Rent-To-Own Repossession Laws
When some one rents an item that most people usually purchase, it is termed a rent-to-own. This assumes that the renter of the item is enthusiastic about eventually owning this item and plans on continuing to make the payments until he has paid in full for the item. The items involved are most often furniture pieces or electronic appliances. Both parties agree to sign a contract that they are renting the item and the transaction can be turned into a lease arrangement for a small fee.
The situation turns sticky when the renter stops making the payments on the item yet does not return the item. By law, the company has the right to take back possession of the item in question. There are men who will go to the address, pick up this item and return it to the shop in exchange for a fee.

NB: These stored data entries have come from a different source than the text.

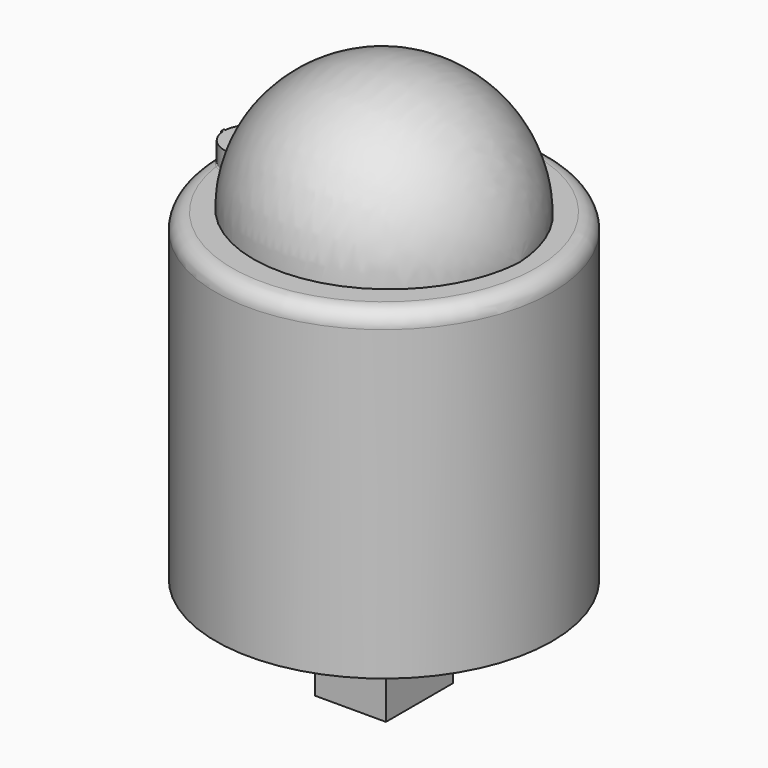
from build123d import *
from build123d import SkipClean  # not in build123d's __all__

# Parameters (mm, degrees)
F0_R      = 33.02
F1_DEPTH  = 63.5
F6_R      = 3.175
F8_W      = 13.97
F8_H      = 16.51
F9_DEPTH  = 19.05
F10_R     = 22.86
F10_R_2   = 21.844
F11_DEPTH = 1.27
F7_R      = 5.08
F12_DEPTH = 3.81
F13_R     = 0.254
F15_W     = 0.762
F15_H     = 4.3067012395
F16_DEPTH = 25.4


with BuildPart() as f1:
    # F0 (on Top) → F1 (new body)
    with BuildSketch(Plane.XY):
        Circle(F0_R)
    extrude(amount=F1_DEPTH)

    # F3 (on Front) → F4 (revolve)
    with BuildSketch(Plane.XZ):
        with BuildLine():
            Line((-26.67, 63.5), (26.67, 63.5))
            ThreePointArc((26.67, 63.5), (0, 88.9), (-26.67, 63.5))
        make_face()
    with SkipClean():  # cleaning this boolean's faces spoils the solid; the shape is the same uncleaned
        revolve(axis=Axis((0, 0, 63.5), (1, 0, 0)))

    # F6
    f6_edges = [f1.edges().sort_by_distance(p)[0] for p in [
        (-33.02, 0, 63.5),
    ]]
    fillet(f6_edges, radius=F6_R)

    # F8 (on face) → F9 (join)
    with BuildSketch(Plane(origin=(0, 0, 0), x_dir=(1, 0, 0), z_dir=(0, 0, -1))):
        Rectangle(F8_W, F8_H)
    with SkipClean():  # cleaning this boolean's faces spoils the solid; the shape is the same uncleaned
        extrude(amount=F9_DEPTH)

    # F10 (on face) → F11 (join)
    with BuildSketch(Plane(origin=(0, 0, 0), x_dir=(1, 0, 0), z_dir=(0, 0, -1))):
        Circle(F10_R)
        Circle(F10_R_2, mode=Mode.SUBTRACT)
    with SkipClean():  # cleaning this boolean's faces spoils the solid; the shape is the same uncleaned
        extrude(amount=F11_DEPTH)

    # F7 (on offset) → F12 (join, symmetric)
    with BuildSketch(Plane.XY.offset(63.5)):
        with Locations((-26.3525, 0)):
            Circle(F7_R)
    extrude(amount=F12_DEPTH, both=True)

    # F13
    f13_edges = [f1.edges().sort_by_distance(p)[0] for p in [
        (-31.4325, 0, 63.074631),
    ]]
    fillet(f13_edges, radius=F13_R)

    # F15 (on offset) → F16 (join)
    with BuildSketch(Plane.YZ.offset(-31.75)):
        with Locations((-6.0768e-06, 65.1566493803)):
            Rectangle(F15_W, F15_H)
    extrude(amount=F16_DEPTH)


solid = f1.part

If the owner of the shop intends to repossess the item himself, he should register as a business. The person handling the repossession should be registered and have the legal access to the item.
The company must notify the renter that the item and payment is outstanding. By law, the renter is entitled to come up with a last-minute effort to pay the amount of money that is overdue.
The person who is doing the repossessing must not do any thing illegal or provoke an argument. It is critical that this situation is handled professionally.
The person doing the repossession must not do anything to damage the item.
No one can take any other item from the renter as payment for the overdue item. That is considered stealing.
With the recent changes in the economy, quite a few cases have popped up where the renters were not able to continue paying the fees and became annoyed with calls to their homes. Rather than return the item, the renter deliberately damages it and leaves it outside of their dwelling. Unfortunately, this is becoming common with the larger rent-to-own items, such as automobiles.